AIM OF THE TASK:
Whenever a line of the material contains the string "mxGraphModel", it should be copied.

PROVIDED MATERIAL:
******
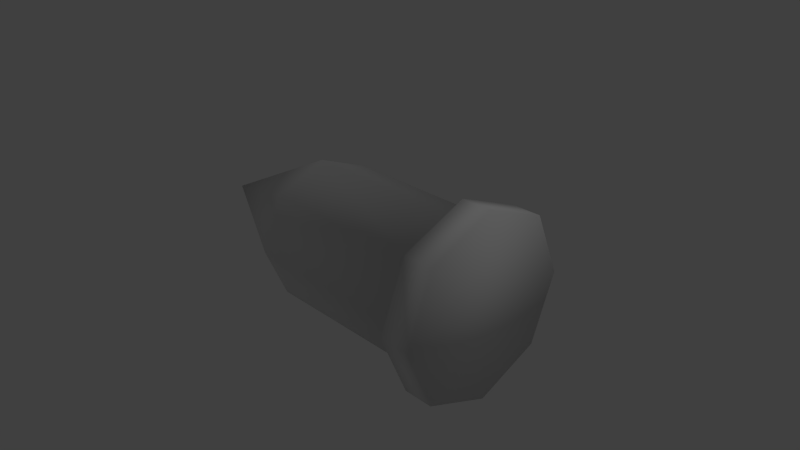 # Source: Shell_LowPoly_Base.blend  (saved by Blender 2.70.0; exported with 4.5.12 LTS)
import bpy
from mathutils import Matrix  # noqa: F401  (used for matrix-valued properties, if any)

bpy.ops.wm.read_factory_settings(use_empty=True)
scene = bpy.context.scene
scene.name = 'Scene'

# ---- collections
col_collection_1 = bpy.data.collections.new('Collection 1'); scene.collection.children.link(col_collection_1)

# ---- world
world_world = bpy.data.worlds.new('World'); scene.world = world_world
world_world.color = (0.05088, 0.05088, 0.05088)
world_world.use_sun_shadow = False
world_world.sun_shadow_jitter_overblur = 0.0
world_world.cycles.sampling_method = 'MANUAL'
world_world.cycles.sample_map_resolution = 256

# ---- cameras
cam_camera = bpy.data.cameras.new('Camera')
cam_camera.clip_end = 100.0
cam_camera.lens = 35.0
cam_camera.sensor_width = 32.0
cam_camera.sensor_height = 18.0
cam_camera.ortho_scale = 7.314
cam_camera.dof.focus_distance = 0.0
cam_camera.dof.aperture_fstop = 128.0

# ---- lights
light_lamp = bpy.data.lights.new('Lamp', 'POINT')
light_lamp.transmission_factor = 0.0
light_lamp.cutoff_distance = 30.0
light_lamp.energy = 100.0
light_lamp.shadow_buffer_clip_start = 1.001
light_lamp.shadow_soft_size = 0.1
light_lamp.shadow_maximum_resolution = 0.006
light_lamp.use_absolute_resolution = True
light_lamp.cycles.use_multiple_importance_sampling = False

# ---- meshes
me_cone = bpy.data.meshes.new('Cone')
me_cone.from_pydata([(-0.9778, 1.0, 0.02222), (-0.9778, 0.7071, 0.7293), (-0.9778, -4.371e-08, 1.022), (-0.9778, -0.7071, 0.7293), (-0.9778, -1.0, 0.02222), (-2.978, 0.0, 0.02223), (-0.9778, -0.7071, -0.6849), (-0.9778, 1.192e-08, -0.9778), (-0.9778, 0.7071, -0.6849), (1.522, 1.0, 0.02222), (1.522, 0.7071, 0.7293), (1.522, -4.371e-08, 1.022), (1.522, -0.7071, 0.7293), (1.522, -1.0, 0.02222), (1.522, -0.7071, -0.6849), (1.522, 1.192e-08, -0.9778), (1.522, 0.7071, -0.6849), (1.522, 1.26, 0.02222), (1.522, 0.891, 0.9132), (1.522, -5.239e-08, 1.282), (1.522, -0.891, 0.9132), (1.522, -1.26, 0.02222), (1.522, -0.891, -0.8687), (1.522, 1.771e-08, -1.238), (1.522, 0.891, -0.8687), (1.922, 1.26, 0.02222), (1.922, 0.891, 0.9132), (1.922, -6.301e-08, 1.282), (1.922, -0.891, 0.9132), (1.922, -1.26, 0.02222), (1.922, -0.891, -0.8687), (1.922, 7.089e-09, -1.238), (1.922, 0.891, -0.8687)], [], [(7, 5, 8), (0, 5, 1), (6, 5, 7), (4, 5, 6), (3, 5, 4), (2, 5, 3), (8, 5, 0), (1, 5, 2), (8, 0, 9, 16), (16, 9, 17, 24), (7, 8, 16, 15), (6, 7, 15, 14), (4, 6, 14, 13), (3, 4, 13, 12), (2, 3, 12, 11), (1, 2, 11, 10), (0, 1, 10, 9), (24, 17, 25, 32), (15, 16, 24, 23), (14, 15, 23, 22), (13, 14, 22, 21), (12, 13, 21, 20), (11, 12, 20, 19), (10, 11, 19, 18), (9, 10, 18, 17), (25, 26, 27, 28, 29, 30, 31, 32), (23, 24, 32, 31), (22, 23, 31, 30), (21, 22, 30, 29), (20, 21, 29, 28), (19, 20, 28, 27), (18, 19, 27, 26), (17, 18, 26, 25)])
me_cone.polygons.foreach_set('use_smooth', [True] * 33)
me_cone.use_remesh_preserve_volume = False
me_cone.use_remesh_preserve_attributes = False
me_cone.use_mirror_vertex_groups = False
me_cone.update()

# ---- objects
ob_cone = bpy.data.objects.new('Cone', me_cone)
ob_lamp = bpy.data.objects.new('Lamp', light_lamp)
ob_camera = bpy.data.objects.new('Camera', cam_camera)

# ---- transforms, parenting, visibility, modifiers, constraints
ob_cone.location = (0.0, 0.0, 0.0)
ob_cone.lineart.crease_threshold = 0.0
ob_lamp.location = (4.076, 1.005, 5.904)
ob_lamp.rotation_euler = (0.6503, 0.05522, 1.866)
ob_lamp.lock_rotations_4d = False
ob_lamp.empty_display_type = 'ARROWS'
ob_lamp.color = (0.0, 0.0, 0.0, 0.0)
ob_lamp.lineart.crease_threshold = 0.0
ob_camera.location = (7.481, -6.508, 5.344)
ob_camera.rotation_euler = (1.109, 0.01082, 0.8149)
ob_camera.lock_rotations_4d = False
ob_camera.empty_display_type = 'ARROWS'
ob_camera.color = (0.0, 0.0, 0.0, 0.0)
ob_camera.display_type = 'WIRE'
ob_camera.lineart.crease_threshold = 0.0

# ---- collection membership
col_collection_1.objects.link(ob_cone)
col_collection_1.objects.link(ob_lamp)
col_collection_1.objects.link(ob_camera)

# ---- scene / render settings (as saved in the file)
scene.camera = ob_camera
scene.frame_start = 1; scene.frame_end = 250; scene.frame_set(1)
scene.render.engine = 'BLENDER_EEVEE_NEXT'
scene.render.resolution_percentage = 50
scene.render.dither_intensity = 0.0
scene.cycles.use_denoising = False
scene.cycles.samples = 10
scene.cycles.sampling_pattern = 'TABULATED_SOBOL'
scene.cycles.light_sampling_threshold = 0.0
scene.cycles.use_adaptive_sampling = False
scene.cycles.use_light_tree = False
scene.cycles.blur_glossy = 0.0
scene.cycles.volume_bounces = 1
scene.cycles.pixel_filter_type = 'GAUSSIAN'
scene.cycles.sample_clamp_indirect = 0.0
scene.view_settings.view_transform = 'Standard'
bpy.context.view_layer.update()
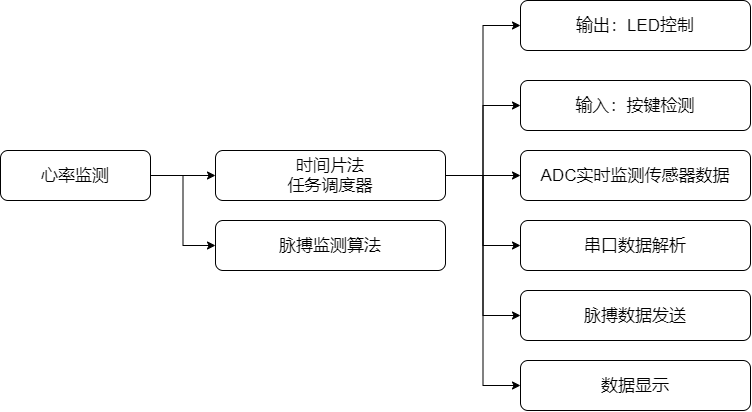

The diagram above was exported from draw.io. Its source (the exported page's mxGraphModel, read from the mxfile embedded in the PNG):
<mxGraphModel dx="865" dy="513" grid="1" gridSize="10" guides="1" tooltips="1" connect="1" arrows="1" fold="1" page="1" pageScale="1" pageWidth="827" pageHeight="1169" math="0" shadow="0">
  <root>
    <mxCell id="0" />
    <mxCell id="1" parent="0" />
    <mxCell id="Xfi7PeIKtiLeWXmnBLiG-34" value="" style="edgeStyle=none;rounded=0;orthogonalLoop=1;jettySize=auto;html=1;startArrow=none;startFill=0;fontSize=17;" edge="1" parent="1" source="Xfi7PeIKtiLeWXmnBLiG-32" target="Xfi7PeIKtiLeWXmnBLiG-33">
      <mxGeometry relative="1" as="geometry" />
    </mxCell>
    <mxCell id="Xfi7PeIKtiLeWXmnBLiG-39" style="edgeStyle=orthogonalEdgeStyle;rounded=0;orthogonalLoop=1;jettySize=auto;html=1;exitX=1;exitY=0.5;exitDx=0;exitDy=0;startArrow=none;startFill=0;fontSize=17;entryX=0;entryY=0.5;entryDx=0;entryDy=0;" edge="1" parent="1" source="Xfi7PeIKtiLeWXmnBLiG-32" target="Xfi7PeIKtiLeWXmnBLiG-37">
      <mxGeometry relative="1" as="geometry" />
    </mxCell>
    <mxCell id="Xfi7PeIKtiLeWXmnBLiG-32" value="心率监测" style="rounded=1;whiteSpace=wrap;html=1;fontSize=17;" vertex="1" parent="1">
      <mxGeometry x="30" y="200" width="150" height="50" as="geometry" />
    </mxCell>
    <mxCell id="Xfi7PeIKtiLeWXmnBLiG-36" value="" style="edgeStyle=none;rounded=0;orthogonalLoop=1;jettySize=auto;html=1;startArrow=none;startFill=0;fontSize=17;" edge="1" parent="1" source="Xfi7PeIKtiLeWXmnBLiG-33" target="Xfi7PeIKtiLeWXmnBLiG-35">
      <mxGeometry relative="1" as="geometry" />
    </mxCell>
    <mxCell id="Xfi7PeIKtiLeWXmnBLiG-42" style="edgeStyle=orthogonalEdgeStyle;rounded=0;orthogonalLoop=1;jettySize=auto;html=1;exitX=1;exitY=0.5;exitDx=0;exitDy=0;entryX=0;entryY=0.5;entryDx=0;entryDy=0;startArrow=none;startFill=0;fontSize=17;" edge="1" parent="1" source="Xfi7PeIKtiLeWXmnBLiG-33" target="Xfi7PeIKtiLeWXmnBLiG-40">
      <mxGeometry relative="1" as="geometry" />
    </mxCell>
    <mxCell id="Xfi7PeIKtiLeWXmnBLiG-43" style="edgeStyle=orthogonalEdgeStyle;rounded=0;orthogonalLoop=1;jettySize=auto;html=1;exitX=1;exitY=0.5;exitDx=0;exitDy=0;entryX=0;entryY=0.5;entryDx=0;entryDy=0;startArrow=none;startFill=0;fontSize=17;" edge="1" parent="1" source="Xfi7PeIKtiLeWXmnBLiG-33" target="Xfi7PeIKtiLeWXmnBLiG-41">
      <mxGeometry relative="1" as="geometry" />
    </mxCell>
    <mxCell id="Xfi7PeIKtiLeWXmnBLiG-45" style="edgeStyle=orthogonalEdgeStyle;rounded=0;orthogonalLoop=1;jettySize=auto;html=1;exitX=1;exitY=0.5;exitDx=0;exitDy=0;startArrow=none;startFill=0;fontSize=17;entryX=0;entryY=0.5;entryDx=0;entryDy=0;" edge="1" parent="1" source="Xfi7PeIKtiLeWXmnBLiG-33" target="Xfi7PeIKtiLeWXmnBLiG-44">
      <mxGeometry relative="1" as="geometry">
        <mxPoint x="470" y="300" as="targetPoint" />
      </mxGeometry>
    </mxCell>
    <mxCell id="Xfi7PeIKtiLeWXmnBLiG-47" style="edgeStyle=orthogonalEdgeStyle;rounded=0;orthogonalLoop=1;jettySize=auto;html=1;exitX=1;exitY=0.5;exitDx=0;exitDy=0;entryX=0;entryY=0.5;entryDx=0;entryDy=0;startArrow=none;startFill=0;fontSize=17;" edge="1" parent="1" source="Xfi7PeIKtiLeWXmnBLiG-33" target="Xfi7PeIKtiLeWXmnBLiG-46">
      <mxGeometry relative="1" as="geometry" />
    </mxCell>
    <mxCell id="Xfi7PeIKtiLeWXmnBLiG-49" style="edgeStyle=orthogonalEdgeStyle;rounded=0;orthogonalLoop=1;jettySize=auto;html=1;exitX=1;exitY=0.5;exitDx=0;exitDy=0;entryX=0;entryY=0.5;entryDx=0;entryDy=0;startArrow=none;startFill=0;fontSize=17;" edge="1" parent="1" source="Xfi7PeIKtiLeWXmnBLiG-33" target="Xfi7PeIKtiLeWXmnBLiG-48">
      <mxGeometry relative="1" as="geometry" />
    </mxCell>
    <mxCell id="Xfi7PeIKtiLeWXmnBLiG-33" value="时间片法&lt;br&gt;任务调度器" style="whiteSpace=wrap;html=1;rounded=1;fontSize=17;" vertex="1" parent="1">
      <mxGeometry x="245" y="200" width="230" height="50" as="geometry" />
    </mxCell>
    <mxCell id="Xfi7PeIKtiLeWXmnBLiG-35" value="ADC实时监测传感器数据" style="whiteSpace=wrap;html=1;rounded=1;fontSize=17;" vertex="1" parent="1">
      <mxGeometry x="550" y="200" width="230" height="50" as="geometry" />
    </mxCell>
    <mxCell id="Xfi7PeIKtiLeWXmnBLiG-37" value="脉搏监测算法" style="whiteSpace=wrap;html=1;rounded=1;fontSize=17;" vertex="1" parent="1">
      <mxGeometry x="245" y="270" width="230" height="50" as="geometry" />
    </mxCell>
    <mxCell id="Xfi7PeIKtiLeWXmnBLiG-40" value="输入：按键检测" style="whiteSpace=wrap;html=1;rounded=1;fontSize=17;" vertex="1" parent="1">
      <mxGeometry x="550" y="130" width="230" height="50" as="geometry" />
    </mxCell>
    <mxCell id="Xfi7PeIKtiLeWXmnBLiG-41" value="输出：LED控制" style="whiteSpace=wrap;html=1;rounded=1;fontSize=17;" vertex="1" parent="1">
      <mxGeometry x="550" y="50" width="230" height="50" as="geometry" />
    </mxCell>
    <mxCell id="Xfi7PeIKtiLeWXmnBLiG-44" value="串口数据解析" style="whiteSpace=wrap;html=1;rounded=1;fontSize=17;" vertex="1" parent="1">
      <mxGeometry x="550" y="270" width="230" height="50" as="geometry" />
    </mxCell>
    <mxCell id="Xfi7PeIKtiLeWXmnBLiG-46" value="脉搏数据发送" style="whiteSpace=wrap;html=1;rounded=1;fontSize=17;" vertex="1" parent="1">
      <mxGeometry x="550" y="340" width="230" height="50" as="geometry" />
    </mxCell>
    <mxCell id="Xfi7PeIKtiLeWXmnBLiG-48" value="数据显示" style="whiteSpace=wrap;html=1;rounded=1;fontSize=17;" vertex="1" parent="1">
      <mxGeometry x="550" y="410" width="230" height="50" as="geometry" />
    </mxCell>
  </root>
</mxGraphModel>
******
YOUR SOLUTION:
The diagram above was exported from draw.io. Its source (the exported page's mxGraphModel, read from the mxfile embedded in the PNG):
<mxGraphModel dx="865" dy="513" grid="1" gridSize="10" guides="1" tooltips="1" connect="1" arrows="1" fold="1" page="1" pageScale="1" pageWidth="827" pageHeight="1169" math="0" shadow="0">
</mxGraphModel>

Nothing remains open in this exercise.